No idea of how to undertake the repair but did the can of peas come out of the locker when travelling, seen somewhere else where a tin opened the locker door and fell out when travelling, could this be a problem with the lockers

Best regards
Broom


----------



## 88781 (May 9, 2005)

Hi Broom, stuff usually tumbles out of the cupboard and lands on the worktop after you have parked up and open the cpboard door!


----------



## pneumatician (May 1, 2005)

*Worktop Damage preventative*

As mentioned in my previous mail I made what I think Sailors call fiddles. Basically a wooden frame divided into Tin/Bottle size rectangles. Mine are made from 8mm sq Spruce (wing spars) cost a couple of quid.
Next idea for overhead cupboards is to cut lengths of telescopic net curtain rail to fit the length of the cupboard. ( Inner & Outer slightly shorter cause you want to extend it ) A Disk approx 25mm dia is fixed to each end ( I used a wood screw C'sunk thro the disk ( Servo Disk) and into the rail Blue tack on eack disk then extent iside the cupboard at required position and leave to stick. I promise it works and they are a bugger to remove but it can be done.

Presto things no longer fall on your head when you open the Cupboards. 
We also tend to decant products into containers of the same size for easier storage. Tea , Coffee, etc favourite container currently is Ovaltine.

My Motto never buy what you can make yourself. Not always cheaper but more satisfying and fun.

Steve


----------



## Zebedee (Oct 3, 2007)

Further to my original epistle, there is an even better way of fixing a dent, but only if you are nifty on a woodturning lathe.

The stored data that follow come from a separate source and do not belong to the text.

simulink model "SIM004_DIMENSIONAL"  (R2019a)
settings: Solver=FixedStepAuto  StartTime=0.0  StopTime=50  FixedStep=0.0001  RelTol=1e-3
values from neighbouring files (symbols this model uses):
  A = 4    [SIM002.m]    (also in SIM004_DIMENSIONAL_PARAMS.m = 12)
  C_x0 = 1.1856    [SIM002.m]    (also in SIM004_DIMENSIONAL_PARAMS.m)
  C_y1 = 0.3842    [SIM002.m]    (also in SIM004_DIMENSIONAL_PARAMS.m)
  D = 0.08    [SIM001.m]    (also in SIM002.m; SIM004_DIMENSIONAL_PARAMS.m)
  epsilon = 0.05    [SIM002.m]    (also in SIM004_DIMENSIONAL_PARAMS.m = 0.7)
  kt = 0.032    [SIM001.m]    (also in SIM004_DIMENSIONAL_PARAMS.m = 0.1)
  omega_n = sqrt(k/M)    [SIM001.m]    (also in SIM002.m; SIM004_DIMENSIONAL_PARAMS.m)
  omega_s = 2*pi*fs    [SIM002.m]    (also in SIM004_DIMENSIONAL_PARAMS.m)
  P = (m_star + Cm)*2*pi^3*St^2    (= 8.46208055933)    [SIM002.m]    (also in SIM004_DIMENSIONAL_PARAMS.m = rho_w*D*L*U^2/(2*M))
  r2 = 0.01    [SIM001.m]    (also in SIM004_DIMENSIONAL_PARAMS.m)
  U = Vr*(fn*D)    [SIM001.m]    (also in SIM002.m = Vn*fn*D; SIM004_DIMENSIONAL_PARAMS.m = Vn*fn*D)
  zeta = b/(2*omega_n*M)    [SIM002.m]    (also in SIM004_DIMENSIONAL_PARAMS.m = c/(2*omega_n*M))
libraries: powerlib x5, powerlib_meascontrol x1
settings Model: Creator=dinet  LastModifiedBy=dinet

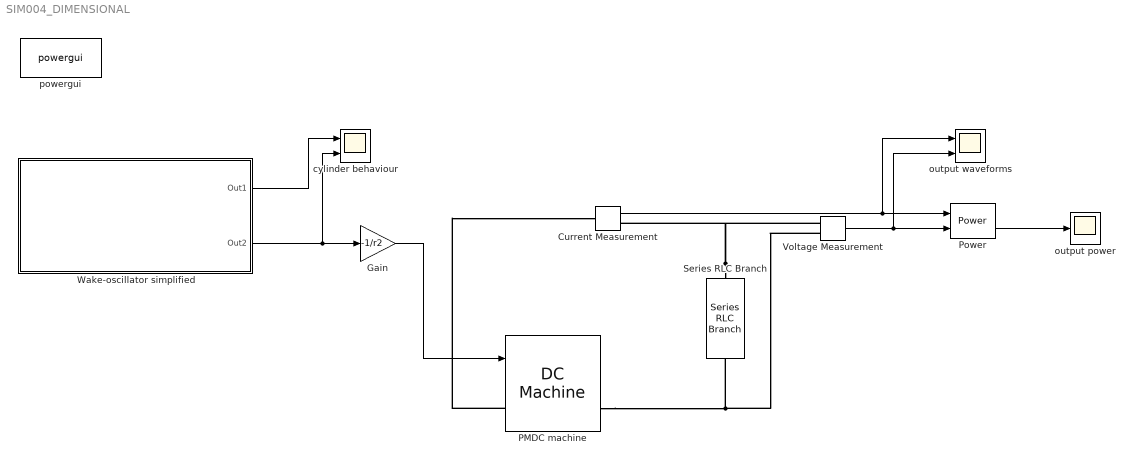
== system SIM004_DIMENSIONAL ==
  Current Measurement : powerlib/Measurements/Current Measurement  PhasorSimulation=off  OutputType=Complex  PSBequivalent=0
      settings: SourceProductName=Simscape Electrical
  Gain : Gain  Gain=-1/r2
  "PMDC machine " : powerlib/Machines/DC Machine  PresetModel=No  MechanicalLoad=Speed w  FieldType=Permanent magnet  ShowDetailedParameters=on  MeasurementBus=off  RLa="[ 0.6  0.012]"  RLf="[ 240  120]"  Laf=1.8  MachineConstant=Torque constant (N.m/A)  Ke=0.003  Kt=kt  J=1  Bm=0  Tf=0  w0=1  Ifinit=1  TsPowergui=0  TsBlock=-1
      settings: SourceProductName=Simscape Electrical
  Power : powerlib_meascontrol/Measurements/Power  Freq=1  Vinit=[0, 0]  Iinit=[0, 0]  Ts=0
      settings: SourceProductName=Simscape Electrical
  Series RLC Branch : powerlib/Elements/Series RLC Branch  LConnTagsString=__new0  RConnTagsString=__new0  BranchType=R  Resistance=100  Inductance=0  SetiL0=off  InitialCurrent=0  Capacitance=0  Setx0=off  InitialVoltage=0  Measurements=None
      settings: SourceProductName=Simscape Electrical
  Voltage Measurement : powerlib/Measurements/Voltage Measurement  PhasorSimulation=off  OutputType=Complex  PSBequivalent=0
      settings: SourceProductName=Simscape Electrical
  Wake-oscillator simplified : Subsystem
  cylinder behaviour : Scope  NumInputPorts=2
  output power : Scope
  output waveforms : Scope  NumInputPorts=2
  powergui : powerlib/powergui  Priority=1  SimulationMode=Continuous  SampleTime=50e-6  frequency=60  Iterations=50  frequencyindice=0  Pbase=100e6  ErrMax=1e-4  UnitsV=kV  UnitsW=MW  buscounter=0  FunctionMessages=off  echomessages=off  EnableUseOfTLC=off  CurrentSourceSwitches=off  DisableSnubberDevices=off  DisableRonSwitches=off  DisableVfSwitches=off  DisplayEquations=off  AutomaticDiscreteSolvers=off  SolverType=Tustin/Backward Euler (TBE)  Interpol=off  ExternalGateDelay=off  methode=off  Ts=100  x0status=blocks  SPID=on  SwTol=0  HookPort=off  NonlinearTolerance=0  nMaxIteration=15  ContinueOnMaxIteration=off  RestoreLinks=warning  ResistiveCurrentMeasurement=off  Frange=[0:2:500]  Ylog=off  Xlog=on  ShowGrid=off  save=off  variable=ZData  structure=0  ZoomFFT=off  StartTime=0.0  cycles=1  DisplayStyle=1  fundamental=60  FreqAxis=off  MaxFrequency=1000  frequencyindicesteady=1  RmsSteady=1  display=off
      settings: SourceProductName=Simscape Electrical
  wires:
  Voltage Measurement/1 -> output waveforms/2, Power/1
  Power/1 -> output power/1
  Current Measurement/1 -> output waveforms/1, Power/2
  Gain/1 -> "PMDC machine "/1
  Wake-oscillator simplified/1(Out1) -> cylinder behaviour/1
  Wake-oscillator simplified/2(Out2) -> Gain/1, cylinder behaviour/2
  connections:
  Series RLC Branch/LConn1 -- Voltage Measurement/LConn1 -- Current Measurement/RConn1
  "PMDC machine "/RConn1 -- Voltage Measurement/LConn2 -- Series RLC Branch/RConn1
  "PMDC machine "/LConn1 -- Current Measurement/LConn1

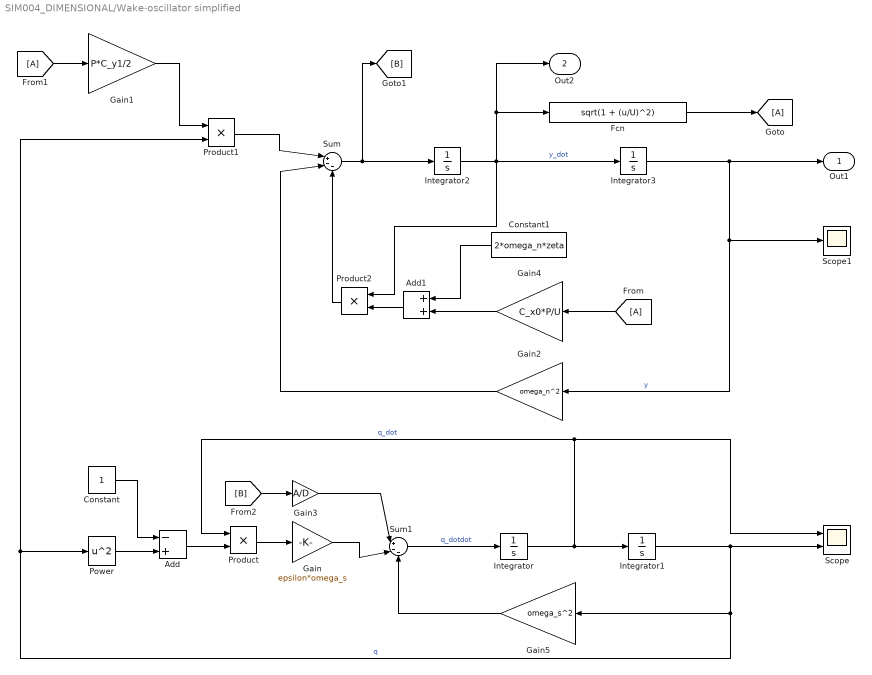
== system SIM004_DIMENSIONAL/Wake-oscillator simplified ==
  Add : Sum  Inputs=-+
  Add1 : Sum
  Constant : Constant
  Constant1 : Constant  Value=2*omega_n*zeta
  Fcn : Fcn  Expr=sqrt(1 + (u/U)^2)
  Gain : Gain  Gain=epsilon*omega_s
  Gain1 : Gain  Gain=P*C_y1/2
  Gain2 : Gain  Gain=omega_n^2
  Gain3 : Gain  Gain=A/D
  Gain4 : Gain  Gain=C_x0*P/U
  Gain5 : Gain  Gain=omega_s^2
  Integrator : Integrator
  Integrator1 : Integrator  InitialCondition=0.001
  Integrator2 : Integrator
  Integrator3 : Integrator
  Power : Math  Operator=square  SaturateOnIntegerOverflow=on
  Product : Product
  Product1 : Product
  Product2 : Product
  Scope : Scope  NumInputPorts=2
  Scope1 : Scope
  Sum : Sum  Inputs=|+--
  Sum1 : Sum  Inputs=|+--
  Out1 : Outport
  Out2 : Outport  Port=2
  wires:
  Integrator3/1 -> Scope1/1, Gain2/1, Out1/1  "y"
  Gain1/1 -> Product1/1
  Integrator/1 -> Integrator1/1, Product/1, Scope/1  "q_dot"
  Gain5/1 -> Sum1/3
  Sum1/1 -> Integrator/1  "q_dotdot"
  Gain4/1 -> Add1/2
  [B] -> Gain3/1
  Integrator1/1 -> Scope/2, Power/1, Product1/2, Gain5/1  "q"
  Gain3/1 -> Sum1/1
  Sum/1 -> Integrator2/1, [B]
  Integrator2/1 -> Fcn/1, Out2/1, Integrator3/1, Product2/1  "y_dot"
  Add/1 -> Product/2
  Add1/1 -> Product2/2
  Product/1 -> Gain/1
  Power/1 -> Add/2
  Product1/1 -> Sum/1
  Gain/1 -> Sum1/2
  [A] -> Gain4/1
  Fcn/1 -> [A]
  [A] -> Gain1/1
  Constant1/1 -> Add1/1
  Constant/1 -> Add/1
  Product2/1 -> Sum/3
  Gain2/1 -> Sum/2

*1).* Take a suitably sized Saw Tooth or Forstner bit and, using a very slow speed and quite heavy downward pressure bore a shallow hole where the dent is. Saw tooth bits tend to work better on laminates as they cut through the circle before beginning to rip out the centre. (_Study the pictures in the link below and you will see why - and take care to keep the drill bit perfectly vertical or it might skid!!!)_

*2).* Turn a bit of laminate to fit the hole.

*3).* Install it with Araldite as before.

I didn't mention this earlier as not too many people have a lathe, but it does make a very professional job if you are spot on with your fitting.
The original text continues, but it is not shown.